▶ [Work request]:
Tell me how many lines in the entries below contain the word "VECTOR"; reply with the number and nothing else.
Supplied entries START
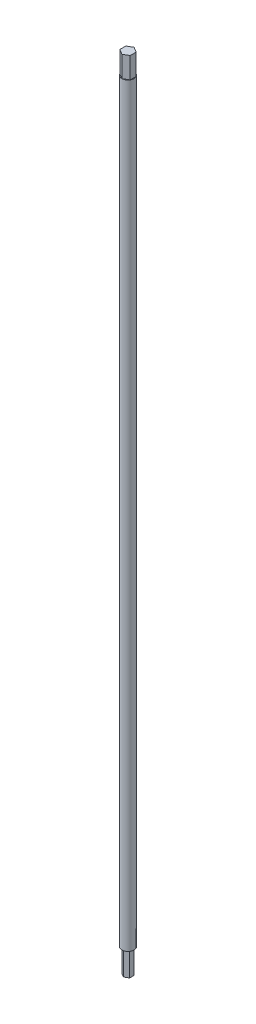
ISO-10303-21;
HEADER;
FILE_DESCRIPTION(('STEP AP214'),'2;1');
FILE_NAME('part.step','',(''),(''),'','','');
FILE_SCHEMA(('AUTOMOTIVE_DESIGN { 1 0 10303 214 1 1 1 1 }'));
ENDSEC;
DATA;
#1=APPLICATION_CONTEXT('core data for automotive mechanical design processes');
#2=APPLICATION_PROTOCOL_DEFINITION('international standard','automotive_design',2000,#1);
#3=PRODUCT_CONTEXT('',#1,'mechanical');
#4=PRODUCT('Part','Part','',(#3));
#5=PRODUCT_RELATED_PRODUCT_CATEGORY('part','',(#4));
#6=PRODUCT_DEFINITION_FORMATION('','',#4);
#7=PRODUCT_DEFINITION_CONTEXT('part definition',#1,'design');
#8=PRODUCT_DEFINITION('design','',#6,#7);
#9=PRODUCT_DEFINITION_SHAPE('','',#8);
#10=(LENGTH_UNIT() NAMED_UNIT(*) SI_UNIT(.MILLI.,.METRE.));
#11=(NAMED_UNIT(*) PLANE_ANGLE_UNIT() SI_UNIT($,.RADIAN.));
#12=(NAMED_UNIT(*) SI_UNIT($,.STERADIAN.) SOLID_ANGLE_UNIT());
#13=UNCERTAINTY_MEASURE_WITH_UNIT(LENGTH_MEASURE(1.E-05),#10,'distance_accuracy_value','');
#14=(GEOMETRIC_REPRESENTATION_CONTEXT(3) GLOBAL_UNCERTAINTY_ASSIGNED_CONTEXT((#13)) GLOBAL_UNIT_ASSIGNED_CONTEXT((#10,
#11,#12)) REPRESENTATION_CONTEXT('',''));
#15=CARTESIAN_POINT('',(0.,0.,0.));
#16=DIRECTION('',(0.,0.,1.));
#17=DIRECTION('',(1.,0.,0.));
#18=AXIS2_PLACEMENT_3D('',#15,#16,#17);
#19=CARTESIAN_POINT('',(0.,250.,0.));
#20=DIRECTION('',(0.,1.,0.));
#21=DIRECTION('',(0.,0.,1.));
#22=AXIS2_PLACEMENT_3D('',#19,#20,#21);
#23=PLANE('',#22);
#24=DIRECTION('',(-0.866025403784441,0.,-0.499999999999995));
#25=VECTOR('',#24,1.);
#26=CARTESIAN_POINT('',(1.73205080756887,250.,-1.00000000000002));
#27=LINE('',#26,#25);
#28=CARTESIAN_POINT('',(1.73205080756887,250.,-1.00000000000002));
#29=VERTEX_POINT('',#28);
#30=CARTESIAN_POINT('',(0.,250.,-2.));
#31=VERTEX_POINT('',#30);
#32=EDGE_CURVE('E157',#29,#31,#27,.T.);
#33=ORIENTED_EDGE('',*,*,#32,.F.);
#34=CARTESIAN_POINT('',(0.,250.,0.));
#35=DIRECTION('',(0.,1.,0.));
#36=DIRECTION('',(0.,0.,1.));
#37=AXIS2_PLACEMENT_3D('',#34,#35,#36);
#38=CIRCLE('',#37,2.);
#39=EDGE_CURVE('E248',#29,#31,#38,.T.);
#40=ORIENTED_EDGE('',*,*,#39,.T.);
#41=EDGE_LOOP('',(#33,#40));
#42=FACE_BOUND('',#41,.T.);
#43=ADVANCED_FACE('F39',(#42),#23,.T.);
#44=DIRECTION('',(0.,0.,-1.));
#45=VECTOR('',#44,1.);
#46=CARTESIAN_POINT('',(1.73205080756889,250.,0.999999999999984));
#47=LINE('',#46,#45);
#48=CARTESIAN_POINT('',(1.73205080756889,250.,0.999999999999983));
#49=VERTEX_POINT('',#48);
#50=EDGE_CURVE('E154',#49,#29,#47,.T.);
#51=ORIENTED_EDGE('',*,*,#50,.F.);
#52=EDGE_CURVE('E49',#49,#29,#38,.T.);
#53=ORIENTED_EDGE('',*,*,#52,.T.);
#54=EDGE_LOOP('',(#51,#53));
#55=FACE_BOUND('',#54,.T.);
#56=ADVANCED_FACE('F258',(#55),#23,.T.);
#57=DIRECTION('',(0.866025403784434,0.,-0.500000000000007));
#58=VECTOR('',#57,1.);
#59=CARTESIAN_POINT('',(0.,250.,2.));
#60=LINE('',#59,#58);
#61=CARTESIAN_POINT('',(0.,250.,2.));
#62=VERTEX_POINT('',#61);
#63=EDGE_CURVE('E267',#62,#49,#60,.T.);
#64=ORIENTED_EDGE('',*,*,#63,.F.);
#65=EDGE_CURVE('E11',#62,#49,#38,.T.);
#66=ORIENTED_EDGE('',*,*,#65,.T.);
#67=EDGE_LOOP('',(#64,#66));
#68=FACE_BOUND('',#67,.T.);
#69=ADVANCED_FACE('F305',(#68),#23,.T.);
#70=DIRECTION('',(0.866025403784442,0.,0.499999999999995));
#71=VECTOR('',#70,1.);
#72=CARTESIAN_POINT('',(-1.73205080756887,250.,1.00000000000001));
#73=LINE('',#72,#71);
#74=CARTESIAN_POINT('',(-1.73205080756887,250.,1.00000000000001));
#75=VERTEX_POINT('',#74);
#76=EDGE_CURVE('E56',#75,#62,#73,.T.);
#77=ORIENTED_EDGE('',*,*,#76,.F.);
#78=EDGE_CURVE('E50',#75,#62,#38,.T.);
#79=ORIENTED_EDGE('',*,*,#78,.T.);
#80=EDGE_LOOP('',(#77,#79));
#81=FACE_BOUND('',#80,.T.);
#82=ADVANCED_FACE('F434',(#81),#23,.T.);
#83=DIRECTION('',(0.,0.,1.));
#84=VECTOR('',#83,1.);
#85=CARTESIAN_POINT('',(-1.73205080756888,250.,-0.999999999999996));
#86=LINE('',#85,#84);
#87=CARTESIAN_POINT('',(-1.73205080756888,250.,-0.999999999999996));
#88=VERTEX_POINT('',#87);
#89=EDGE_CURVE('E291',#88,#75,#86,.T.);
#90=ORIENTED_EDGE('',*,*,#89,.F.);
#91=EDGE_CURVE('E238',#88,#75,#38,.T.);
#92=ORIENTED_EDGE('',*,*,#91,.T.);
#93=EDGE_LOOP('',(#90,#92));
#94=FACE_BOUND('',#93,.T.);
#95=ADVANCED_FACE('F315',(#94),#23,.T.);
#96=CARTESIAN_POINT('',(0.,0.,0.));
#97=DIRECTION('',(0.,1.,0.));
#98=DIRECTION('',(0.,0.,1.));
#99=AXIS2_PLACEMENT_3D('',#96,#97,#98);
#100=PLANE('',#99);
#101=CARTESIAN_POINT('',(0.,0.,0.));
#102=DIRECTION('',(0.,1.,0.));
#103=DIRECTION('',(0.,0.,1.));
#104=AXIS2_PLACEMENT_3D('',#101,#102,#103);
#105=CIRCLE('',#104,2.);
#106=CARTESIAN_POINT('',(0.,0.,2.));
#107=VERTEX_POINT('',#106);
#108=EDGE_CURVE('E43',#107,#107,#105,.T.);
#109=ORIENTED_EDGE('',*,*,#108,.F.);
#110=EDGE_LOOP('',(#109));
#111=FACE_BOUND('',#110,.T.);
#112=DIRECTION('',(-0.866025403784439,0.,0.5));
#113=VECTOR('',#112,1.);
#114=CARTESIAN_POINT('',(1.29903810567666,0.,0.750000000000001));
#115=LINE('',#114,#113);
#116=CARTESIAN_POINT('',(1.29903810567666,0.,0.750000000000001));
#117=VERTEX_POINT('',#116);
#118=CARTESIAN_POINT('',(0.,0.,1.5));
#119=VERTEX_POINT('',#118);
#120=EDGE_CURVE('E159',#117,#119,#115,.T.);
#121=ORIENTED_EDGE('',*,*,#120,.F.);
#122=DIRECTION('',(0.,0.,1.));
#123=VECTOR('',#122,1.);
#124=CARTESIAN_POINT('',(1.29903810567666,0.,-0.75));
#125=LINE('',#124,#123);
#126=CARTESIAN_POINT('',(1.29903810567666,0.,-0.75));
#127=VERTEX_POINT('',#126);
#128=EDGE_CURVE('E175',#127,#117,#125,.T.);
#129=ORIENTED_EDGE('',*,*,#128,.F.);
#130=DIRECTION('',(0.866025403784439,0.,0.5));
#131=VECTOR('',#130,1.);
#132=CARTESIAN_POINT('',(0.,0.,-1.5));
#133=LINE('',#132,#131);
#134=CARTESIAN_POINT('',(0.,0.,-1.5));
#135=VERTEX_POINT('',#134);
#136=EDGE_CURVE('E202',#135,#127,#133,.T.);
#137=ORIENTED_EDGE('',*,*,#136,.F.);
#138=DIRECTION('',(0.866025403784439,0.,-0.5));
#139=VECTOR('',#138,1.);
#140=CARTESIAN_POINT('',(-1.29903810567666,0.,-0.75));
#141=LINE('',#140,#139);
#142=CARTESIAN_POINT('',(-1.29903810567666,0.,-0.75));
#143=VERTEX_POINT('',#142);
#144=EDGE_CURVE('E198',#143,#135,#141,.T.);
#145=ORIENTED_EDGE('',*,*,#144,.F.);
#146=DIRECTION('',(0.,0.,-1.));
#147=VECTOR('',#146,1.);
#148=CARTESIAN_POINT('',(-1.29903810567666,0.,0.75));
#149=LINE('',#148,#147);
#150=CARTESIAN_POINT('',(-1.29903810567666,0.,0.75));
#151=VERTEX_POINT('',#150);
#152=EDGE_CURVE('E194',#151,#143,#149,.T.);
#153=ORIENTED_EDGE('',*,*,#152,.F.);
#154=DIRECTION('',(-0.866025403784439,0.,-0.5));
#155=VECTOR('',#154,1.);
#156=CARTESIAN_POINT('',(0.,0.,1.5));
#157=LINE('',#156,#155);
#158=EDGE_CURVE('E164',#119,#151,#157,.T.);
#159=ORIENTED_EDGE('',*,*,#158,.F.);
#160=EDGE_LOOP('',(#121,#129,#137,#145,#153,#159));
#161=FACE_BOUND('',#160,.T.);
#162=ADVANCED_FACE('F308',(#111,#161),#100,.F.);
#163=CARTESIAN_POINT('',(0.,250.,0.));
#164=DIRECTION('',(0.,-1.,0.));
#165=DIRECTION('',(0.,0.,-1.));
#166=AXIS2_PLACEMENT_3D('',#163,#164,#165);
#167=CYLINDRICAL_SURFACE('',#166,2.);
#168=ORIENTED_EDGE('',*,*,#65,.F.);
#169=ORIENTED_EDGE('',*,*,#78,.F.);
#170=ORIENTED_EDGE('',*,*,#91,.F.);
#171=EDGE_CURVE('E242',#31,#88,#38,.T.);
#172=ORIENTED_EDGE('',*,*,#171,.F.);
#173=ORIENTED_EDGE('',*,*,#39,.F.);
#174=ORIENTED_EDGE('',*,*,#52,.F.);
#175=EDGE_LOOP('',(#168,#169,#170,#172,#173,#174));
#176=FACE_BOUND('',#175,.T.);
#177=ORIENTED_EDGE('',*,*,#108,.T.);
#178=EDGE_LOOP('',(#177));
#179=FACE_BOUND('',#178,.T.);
Supplied entries END
▶ [Written response]:
11